═══ STORED DATA

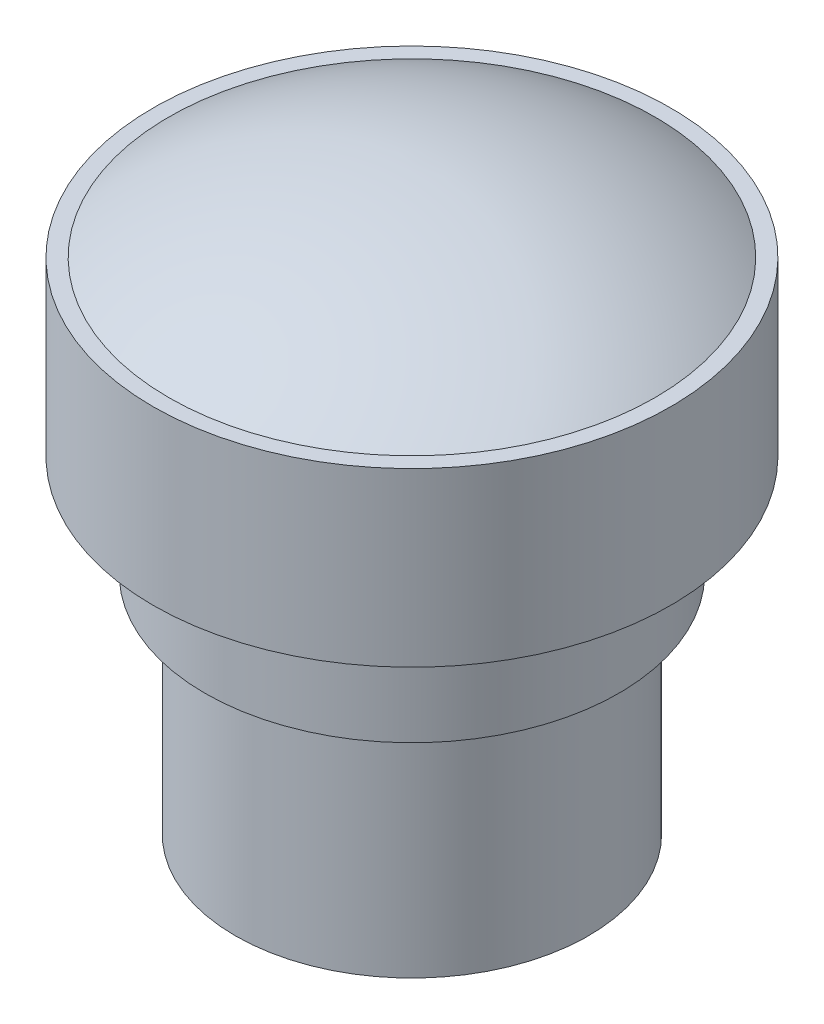
from build123d import *


with BuildPart() as part:
    # 草图1 → 旋转1 (revolve)
    with BuildSketch(Plane.XY, mode=Mode.PRIVATE) as revolve_1_sk:
        with BuildLine():
            Line((0, 0), (5.8, 0))
            Line((5.8, 0), (5.8, 7.4))
            Line((5.8, 7.4), (6.8, 7.4))
            Line((6.8, 7.4), (6.8, 10.75))
            Line((6.8, 10.75), (8.5, 10.75))
            Line((8.5, 10.75), (8.5, 16.4))
            Line((8.5, 16.4), (7.984359711, 16.4))
            ThreePointArc((7.984359711, 16.4), (4.183300133, 18.260389216), (0, 18.9))
            Line((0, 18.9), (0, 0))
        make_face()
    revolve(revolve_1_sk.sketch.rotate(Axis((0, 18.9, 0), (0, -1, 0)), 90), axis=Axis((0, 18.9, 0), (0, -1, 0)))


solid = part.part

══════

Please return every line in the data that includes the string "part".

with BuildPart() as part:
solid = part.part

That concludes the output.